I have the problem:
Let be given three points $A(1,2)$, $B(3,4)$, $C(5,6)$. Find point $M$ on the line $y=x$ so that sum of distances $P=AM+BM+CM$ is smallest.
I tried. We have $$P=\sqrt{(x-1)^2 + (x-2)^2} + \sqrt{(x-3)^2 + (x-4)^2} +\sqrt{(x-5)^2 + (x-6)^2}.$$ We know that $$\sqrt{a^2 + b^2}+\sqrt{c^2 + d^2} \geqslant \sqrt{(a+c)^2 + (b+d)^2}.$$ The sign of equal occur when and only when $\dfrac{a}{c}=\dfrac{b}{d}$. We have \begin{align*} \sqrt{(x-1)^2 + (x-2)^2} + \sqrt{(x-5)^2 + (x-6)^2} & = \sqrt{(x-1)^2 + (x-2)^2} + \sqrt{(5-x)^2 + (6-x)^2} \\ & \geqslant \sqrt{(x-1 + 6-x)^2 + (x-2 + 5-x)^2}\\ & \geqslant \sqrt{34}. \end{align*}
The sign of equal occur $$\dfrac{x-1}{6-x}=\dfrac{x-2}{5-x} \Leftrightarrow x=\dfrac{7}{2}.$$ Another way $$\sqrt{(x-3)^2 + (x-4)^2} =\sqrt{2x^2 - 14 x + 25} = \sqrt{2}\sqrt{\left (x-\dfrac{7}{2}\right)^2 + \dfrac{1}{4} } \geqslant \dfrac{1}{\sqrt{2}}.$$ The sign of equal occur $ x=\dfrac{7}{2}.$ Therefore, the least of the expression $P $ is $\dfrac{1}{\sqrt{2}}+\sqrt{34}$ at $x=\dfrac{7}{2}.$
How can I solve this problem geometrically?
Let's $a$ be a line $y=x$.
So, we claim that for the basis $M$ of the perpendicular dropped from $B$ to $a$ sum $AM + BM + CM$ is the smallest.
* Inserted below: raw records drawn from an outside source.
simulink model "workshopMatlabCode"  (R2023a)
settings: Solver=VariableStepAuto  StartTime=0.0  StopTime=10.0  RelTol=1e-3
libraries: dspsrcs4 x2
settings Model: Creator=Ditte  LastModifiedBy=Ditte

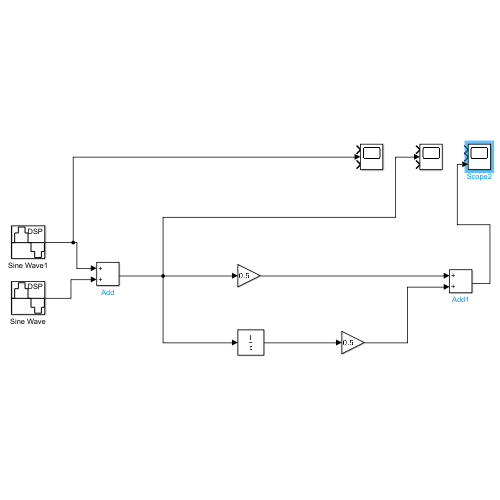
[thumbnail: Simulink's stored preview of the top-level diagram]
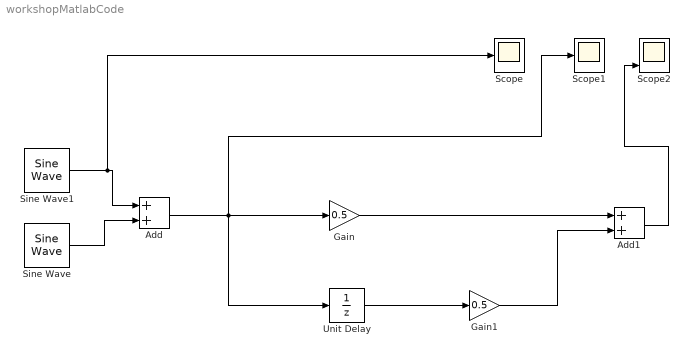
== system workshopMatlabCode ==
  Add : Sum
  Add1 : Sum
  Gain : Gain  Gain=0.5
  Gain1 : Gain  Gain=0.5
  Scope : Scope  NumInputPorts=3
  Scope1 : Scope  NumInputPorts=3
  Scope2 : Scope  NumInputPorts=3
  Sine Wave : dspsrcs4/Sine Wave  Amplitude=2.5  Frequency=2.8647889789  Phase=0  SampleMode=Discrete  OutComplex=Real  CompMethod=Trigonometric fcn  TableSize=Speed  SampleTime=0.2  SamplesPerFrame=1  ResetState=Restart at time zero  OutputFrames=off  dataType=double  wordLen=16  udDataType=sfix(16)  fracBitsMode=Best precision  numFracBits=15  OutDataTypeStr=double  LastOutDataTypeStr=double
  Sine Wave1 : dspsrcs4/Sine Wave  Amplitude=10  Frequency=0.1591549433  Phase=0  SampleMode=Discrete  OutComplex=Real  CompMethod=Trigonometric fcn  TableSize=Speed  SampleTime=0.2  SamplesPerFrame=1  ResetState=Restart at time zero  OutputFrames=off  dataType=double  wordLen=16  udDataType=sfix(16)  fracBitsMode=Best precision  numFracBits=15  OutDataTypeStr=double  LastOutDataTypeStr=double
  Unit Delay : UnitDelay  SampleTime=-1  HasFrameUpgradeWarning=on
  wires:
  Sine Wave/1 -> Add/2
  Sine Wave1/1 -> Scope/2, Add/1
  Add/1 -> Scope1/2, Unit Delay/1, Gain/1
  Unit Delay/1 -> Gain1/1
  Gain/1 -> Add1/1
  Gain1/1 -> Add1/2
  Add1/1 -> Scope2/3

It is easy to demonstrate this using additional point $A'$ which is symmetrical to the point $A$ with respect to the line $a$. One may see that $A'MC$ is the line segment (because of the symmetry of points $A$, $C$ with respect to point $B$). Thus, if $M' \neq M$ is arbitrary chosen point on $a$, then \begin{align} AM' + BM' + CM' = & A'M' + M'C + BM' > \\ &A'M + MC + BM = AM + BM + CM, \end{align} so $M$ is our desired point. It's easy to calculate its coordinates, which are $(\frac{7}{2},\frac{7}{2})$ exactly as in your answer.